Medewerkers van de Dienst Infrastructuur van de Landelijke Eenheid aan boord van de politieboot zagen dat aan stuurboordszijde, in de ladingzone van het schip, twee flexibele slangen vanaf twee ventilatoren waren aangesloten op het leidingsysteem. Ook zagen ze dat de deksels van de tankwas openingen, zowel aan stuurboord als bakboord, geopend waren. De deksles lagen op de knevels waardoor er een opening van ongeveer 8 cm was. Ze hoorden ook dat de ventilatoren in werking waren.
nafta
Om te controleren of er sprake was van ontgassen van de ladingtanks stapten de agenten van boord van de tanker. De schipper verklaarde dat hij zijn lege tanks na een lading gasolie en nafta aan het ventileren was. Hij verklaarde dat hij dat eerst via de vlamkerende roosters deed maar nadat hij gemeten had dat de gasconcentratie onder de 10% was gezakt had hij de tankopeningen geopend.
Om te controleren of de concentratie van het explosief mengsel inderdaad onder de 10% was voerde de politie in aanwezigheid van de schipper ook diverse metingen uit.

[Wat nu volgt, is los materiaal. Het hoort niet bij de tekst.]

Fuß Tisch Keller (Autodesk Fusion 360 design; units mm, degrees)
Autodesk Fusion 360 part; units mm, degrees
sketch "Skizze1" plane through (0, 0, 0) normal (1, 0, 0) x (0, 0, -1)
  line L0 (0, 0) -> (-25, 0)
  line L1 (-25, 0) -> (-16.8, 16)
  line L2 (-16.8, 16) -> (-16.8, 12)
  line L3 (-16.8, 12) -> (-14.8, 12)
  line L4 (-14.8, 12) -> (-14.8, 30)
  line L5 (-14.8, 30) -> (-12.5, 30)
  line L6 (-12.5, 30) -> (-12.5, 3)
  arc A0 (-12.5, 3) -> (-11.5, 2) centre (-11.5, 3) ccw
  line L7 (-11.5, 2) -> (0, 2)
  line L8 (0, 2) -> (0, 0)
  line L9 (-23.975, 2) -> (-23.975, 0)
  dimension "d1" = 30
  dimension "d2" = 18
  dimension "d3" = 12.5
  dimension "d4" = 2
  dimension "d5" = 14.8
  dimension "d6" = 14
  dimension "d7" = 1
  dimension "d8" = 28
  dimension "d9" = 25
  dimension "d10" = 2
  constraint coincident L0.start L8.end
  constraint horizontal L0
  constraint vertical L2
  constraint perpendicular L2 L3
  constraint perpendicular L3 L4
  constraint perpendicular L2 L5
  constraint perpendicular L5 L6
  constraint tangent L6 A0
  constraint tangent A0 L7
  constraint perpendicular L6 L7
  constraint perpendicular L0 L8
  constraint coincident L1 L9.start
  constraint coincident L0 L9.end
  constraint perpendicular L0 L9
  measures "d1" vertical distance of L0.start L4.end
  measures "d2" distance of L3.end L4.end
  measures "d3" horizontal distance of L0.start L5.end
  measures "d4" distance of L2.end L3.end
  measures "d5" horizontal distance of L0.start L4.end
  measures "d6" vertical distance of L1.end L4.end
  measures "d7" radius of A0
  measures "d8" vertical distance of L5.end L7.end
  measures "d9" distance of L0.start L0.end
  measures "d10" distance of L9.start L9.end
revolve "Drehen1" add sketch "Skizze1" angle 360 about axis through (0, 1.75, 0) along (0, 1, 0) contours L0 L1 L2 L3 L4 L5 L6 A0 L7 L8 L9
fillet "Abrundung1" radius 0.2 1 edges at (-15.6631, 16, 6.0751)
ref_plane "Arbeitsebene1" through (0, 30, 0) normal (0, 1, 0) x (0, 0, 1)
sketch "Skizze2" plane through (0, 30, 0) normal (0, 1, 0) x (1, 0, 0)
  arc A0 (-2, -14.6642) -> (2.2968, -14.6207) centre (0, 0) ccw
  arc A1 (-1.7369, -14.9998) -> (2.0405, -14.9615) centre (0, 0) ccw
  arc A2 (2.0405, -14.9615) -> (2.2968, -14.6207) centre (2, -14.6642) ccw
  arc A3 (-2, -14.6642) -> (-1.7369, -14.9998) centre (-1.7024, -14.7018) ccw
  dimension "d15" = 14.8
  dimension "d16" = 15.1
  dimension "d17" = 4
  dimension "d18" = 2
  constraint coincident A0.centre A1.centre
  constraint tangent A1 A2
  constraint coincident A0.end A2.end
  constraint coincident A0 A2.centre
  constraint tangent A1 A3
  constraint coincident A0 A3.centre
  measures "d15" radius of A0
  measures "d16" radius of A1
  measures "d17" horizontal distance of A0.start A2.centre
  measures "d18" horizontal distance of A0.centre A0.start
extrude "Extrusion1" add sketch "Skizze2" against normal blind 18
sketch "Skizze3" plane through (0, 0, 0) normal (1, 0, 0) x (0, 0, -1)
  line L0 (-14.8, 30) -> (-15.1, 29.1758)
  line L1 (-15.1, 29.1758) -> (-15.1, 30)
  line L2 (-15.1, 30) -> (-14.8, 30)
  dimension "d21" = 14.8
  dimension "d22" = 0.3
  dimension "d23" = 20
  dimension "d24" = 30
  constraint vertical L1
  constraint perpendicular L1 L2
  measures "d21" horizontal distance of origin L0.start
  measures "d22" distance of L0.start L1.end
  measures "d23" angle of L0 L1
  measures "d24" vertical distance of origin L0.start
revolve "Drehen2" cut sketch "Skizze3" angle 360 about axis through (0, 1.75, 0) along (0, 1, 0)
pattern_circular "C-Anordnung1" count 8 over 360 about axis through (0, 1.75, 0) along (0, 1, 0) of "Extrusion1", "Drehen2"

Toen bleek dat de concentratie in verschillende tanks hoger was dan 10%. Ook de giftigheidsmeting gaf in de tanks die leeg van nafta waren, een hoge waarde van vluchtige organische componenten. In dit geval styreen en tolueen. Ruim boven de nationaal aanvaardbare blootstellingsniveaus. Het ventileren werd direct gestopt.
De politie maakte proces-verbaal op tegen de schipper omdat het ontgassen niet werd uitgevoerd overeenkomstig de voorwaarden genoemd in de voorschriften van het ADN.